The following is a guest post by Dustin Chapman.
Dustin Chapman is an Area Manager at busybusy.com- a software that simplifies your payroll process and improves your workforce analytics through better time keeping. While working as a construction professional, he built out well over 1 million square feet of multi-family, commercial, institutional, religious, tenant finish, apartment renovation, green building, podium, and financial institution projects. Most recently he has been heavily involved in helping folks in the construction industry of all skill levels adopt technology.
If you haven’t seen it yet, the “in” gift this past Christmas turned out to be a product by Amazon called the Echo.
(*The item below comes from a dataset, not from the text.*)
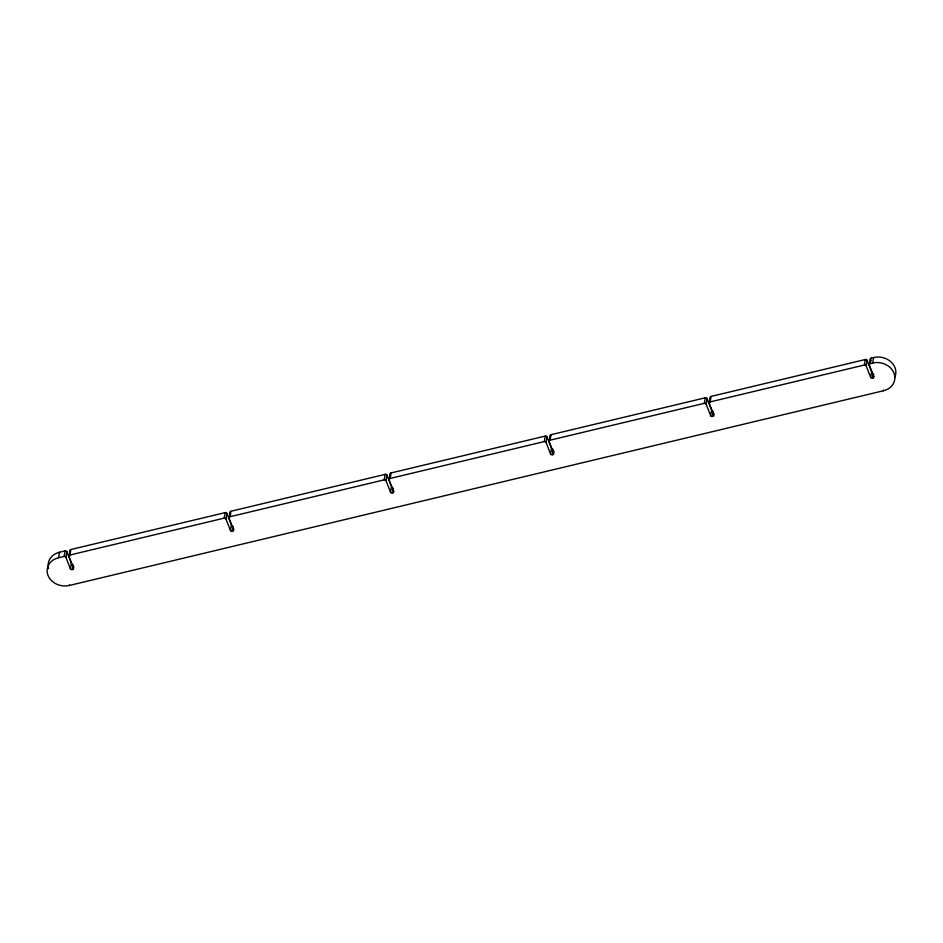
<?xml version="1.0" encoding="UTF-8"?>
<svg xmlns="http://www.w3.org/2000/svg" width="943" height="943" viewBox="0 0 943 943"><rect width="100%" height="100%" fill="white"/><g stroke="black" fill="none" stroke-linecap="round" stroke-linejoin="round"><path stroke-width="1.41" d="M873.607 374.017L872.853 378.143A1.438 1.214 10.3 0 0 873.748 376.634L869.257 365.153A1.438 1.214 10.3 0 1 870.165 363.644L872.64 363.043A16.891 14.275 10.3 0 1 893.976 373.098A16.891 14.275 10.3 0 1 883.461 390.756L69.358 585.462A16.891 14.275 10.3 0 1 48.022 575.419A16.891 14.275 10.3 0 1 58.537 557.749L59.539 552.244L65.091 550.912A1.438 1.214 10.3 0 1 66.918 551.773L71.409 563.254A1.438 1.214 10.3 0 0 72.128 563.997M58.537 557.749L64.1 556.417L65.091 550.912M73.106 564.81L72.222 569.631A1.438 1.214 10.3 0 1 70.407 568.77L65.916 557.278L66.918 551.773M73.141 566.437L72.587 569.537A1.438 1.214 10.3 0 0 73.483 568.028L68.992 556.535L69.994 551.03A1.438 1.214 10.3 0 1 70.89 549.521L225.153 512.627A1.438 1.214 10.3 0 1 226.968 513.487L231.459 524.98A1.438 1.214 10.3 0 0 232.461 525.829M68.992 556.535A1.438 1.214 10.3 0 1 69.888 555.038L70.89 549.521M70.407 568.77L71.409 563.254M69.358 585.462L69.487 584.778M73.483 568.028L73.79 566.307M69.888 555.038L224.151 518.143L225.153 512.627M233.157 526.524L232.273 531.345A1.438 1.214 10.3 0 1 230.457 530.485L225.966 519.004L226.968 513.487M233.392 527.125L232.638 531.263A1.438 1.214 10.3 0 0 233.534 529.754L229.043 518.261L230.045 512.756A1.438 1.214 10.3 0 1 230.941 511.247L385.204 474.353A1.438 1.214 10.3 0 1 387.031 475.213L391.51 486.706L390.508 492.211A1.438 1.214 10.3 0 0 392.335 493.071L393.078 488.934M229.043 518.261A1.438 1.214 10.3 0 1 229.951 516.752L230.941 511.247M230.457 530.485L231.459 524.98M233.534 529.754L233.723 528.717M229.951 516.752L384.202 479.857L385.204 474.353M390.508 492.211L386.029 480.718L387.031 475.213M393.443 488.851L392.689 492.989A1.438 1.214 10.3 0 0 393.585 491.48L389.105 479.987L390.107 474.47A1.438 1.214 10.3 0 1 391.003 472.962L545.254 436.079A1.438 1.214 10.3 0 1 547.081 436.927L551.561 448.42L550.559 453.937A1.438 1.214 10.3 0 0 552.386 454.785L553.069 451.002M389.105 479.987A1.438 1.214 10.3 0 1 390.001 478.478L391.003 472.962M393.585 491.48L393.714 490.784M390.001 478.478L544.252 441.583L545.254 436.079M550.559 453.937L546.08 442.444L547.081 436.927M553.364 451.261L552.739 454.703A1.438 1.214 10.3 0 0 553.647 453.194L549.156 441.701L550.158 436.196A1.438 1.214 10.3 0 1 551.054 434.688L705.317 397.793A1.438 1.214 10.3 0 1 707.132 398.653L711.623 410.146A1.438 1.214 10.3 0 0 712.484 410.948M549.156 441.701A1.438 1.214 10.3 0 1 550.052 440.192L551.054 434.688M553.647 453.194L554.012 451.131M550.052 440.192L704.315 403.309L705.317 397.793M713.321 411.69L712.436 416.511A1.438 1.214 10.3 0 1 710.621 415.651L706.13 404.158L707.132 398.653M713.356 413.329L712.802 416.429A1.438 1.214 10.3 0 0 713.698 414.92L709.207 403.427L710.209 397.922A1.438 1.214 10.3 0 1 711.105 396.414L865.368 359.519A1.438 1.214 10.3 0 1 867.183 360.379L871.674 371.86A1.438 1.214 10.3 0 0 872.676 372.709M709.207 403.427A1.438 1.214 10.3 0 1 710.103 401.918L711.105 396.414M710.621 415.651L711.623 410.146M713.698 414.92L713.945 413.541M710.103 401.918L864.366 365.024L865.368 359.519M873.312 373.758L872.499 378.237A1.438 1.214 10.3 0 1 870.672 377.377L866.181 365.884L867.183 360.379M869.257 365.153L870.259 359.637A1.438 1.214 10.3 0 1 871.167 358.128L873.642 357.538A16.891 14.275 10.3 0 1 891.1 361.994A16.891 14.275 10.3 0 1 894.824 377.176M870.165 363.644L871.167 358.128M872.64 363.043L873.642 357.538M870.672 377.377L871.674 371.86M873.748 376.634L873.878 375.951M883.461 390.756L883.591 390.072M870.259 359.637L870.825 361.075M710.209 397.922L710.492 398.641M550.158 436.196L550.441 436.915M390.107 474.47L390.661 475.909M230.045 512.756L230.611 514.194M69.994 551.03L70.277 551.749M64.1 556.417A1.438 1.214 10.3 0 1 65.916 557.278M224.151 518.143A1.438 1.214 10.3 0 1 225.966 519.004M384.202 479.857A1.438 1.214 10.3 0 1 386.029 480.718M544.252 441.583A1.438 1.214 10.3 0 1 546.08 442.444M704.315 403.309A1.438 1.214 10.3 0 1 706.13 404.158M864.366 365.024A1.438 1.214 10.3 0 1 866.181 365.884M48.6 568.641A16.891 14.275 10.3 0 1 59.539 552.244M392.795 487.602A1.438 1.214 10.3 0 1 391.51 486.706M553.128 449.316A1.438 1.214 10.3 0 1 551.561 448.42"/></g></svg>

Echo comes in different sizes, shapes, and price ranges, but the one thing that makes the Echo special is Amazon’s artificial intelligence called Alexa.
Alexa is different. It’s better than Apple’s Siri. It’s more functional than Google’s voice assistant. Amazon has developed a product that “just works.” I (apparently like many others) purchased one for our household for Christmas and the best thing I can say about it is that it passes the kid test. My kids can’t stop playing with it and asking it questions and they don’t get frustrated by what it can’t do but rather become excited by what it can do.
So what exactly does Alexa do? It can play you a song, create a radio station from your favorite artist, play your favorite sports talk radio station, order garbage bags (or whatever you want) from Amazon.com, create an event for your calendar, function as your alarm clock, add items to your to-do list... it can do a lot of fun things easily- but it goes much deeper than that.
Amazon was quick to put out a public developer kit so that seemingly anybody that wanted to could develop an integration with Alexa. That means that it can also read your tweets to you, turn your lights off, control your furnace or A/C temperature, or read you the latest news update from your favorite news network. And this is just the tip of the iceberg, through a service called IFTTT (which stands for If This Then That) you can link up almost any service you want.
The point in telling you all of this is not to prove how big of a fan I am of this product (I am), or how I think this product can help on a jobsite (it can), but rather to talk about how the strength of Alexa is interoperability. It’s a newer product, but rather than going with the closed ecosystem approach that we see so many tech companies go with (hey Apple) Alexa works with many other complimentary products early on in the product life cycle. I wouldn’t compare it to having your Milwaukee battery work in your DeWalt drill, but I would say that it’s like having drill bits work in drills and blades working in saws regardless of brand. In short interoperability is being universal. It’s collaboration. It’s what construction is.
Unfortunately up to now interoperability among many of the construction software products hasn’t been pushed as much as it has in many other segments of the industry. There are many reasons for that, primary among those is that most construction software companies are still fighting for market share and profitability. There are also issues with code and manpower to make things “interface” among other reasons, but we’re slowly seeing it happen at an increasing rate (shout out to the Procore App Marketplace and the Bluebeam Developer Network).
Amazon is in a fight for market share in the new virtual assistant market with their Echo/Alexa product against Google’s Assistant and Apple’s HomeKit offering. They made the conscious decision to be more open with their technology early on rather than be closed and wait for the market force them to be collaborative.
In my time in the construction software industry one of the most frequent complaints I get is that solution A doesn’t work with solution B. For example, even though a solution-specific mobile app (time keeping, daily reporting, punch list management, etc.) would be tremendously helpful, if it doesn’t play nice with the company’s long established ERP solution it makes the adoption process a much harder sale. The lesson that Amazon and Alexa teach us is that being proactive in letting tech solutions work together ultimately leads to quicker adoption, which leads to increased market penetration, and ultimately more for everybody.
The counter argument, of course, is that keeping things closed and single solution-centered means greater control and ultimately a better experience. It’s the system that Apple has used and frankly has made endless amounts of money doing. While this may be true to a degree even Apple has realized over the years that they need to work with Google and likewise Google with Apple. Google has many apps on iOS devices and Apple Music runs on Android.
If Alexa is any indicator of what the future holds then interoperability is going to be a big deal. I’ve already seen it in the products I’ve worked with within software for construction. Project Managers and Foremen want to track time and job costs in busybusy and have it automatically carry into Quickbooks or Procore. Superintendents want to create daily reports in Raken or Note Vault and have them flow into Timberline or Viewpoint. Field Engineers want to create punchlists on their plans in Fieldlens and have it sync to Bluebeam.
These examples are just the beginning. There’s so much potential data available that isn’t being properly utilized. In my opinion the ones that are proactive in getting the data and the collection and reporting programs to work together will ultimately win out and the industry as a whole will benefit. ConTechTrio member Josh Bone said recently that he felt that in the very near future interoperability (his words were “Common Data Environment”) between softwares would take off. I say watch the trend and enjoy the ride because it’s coming fast!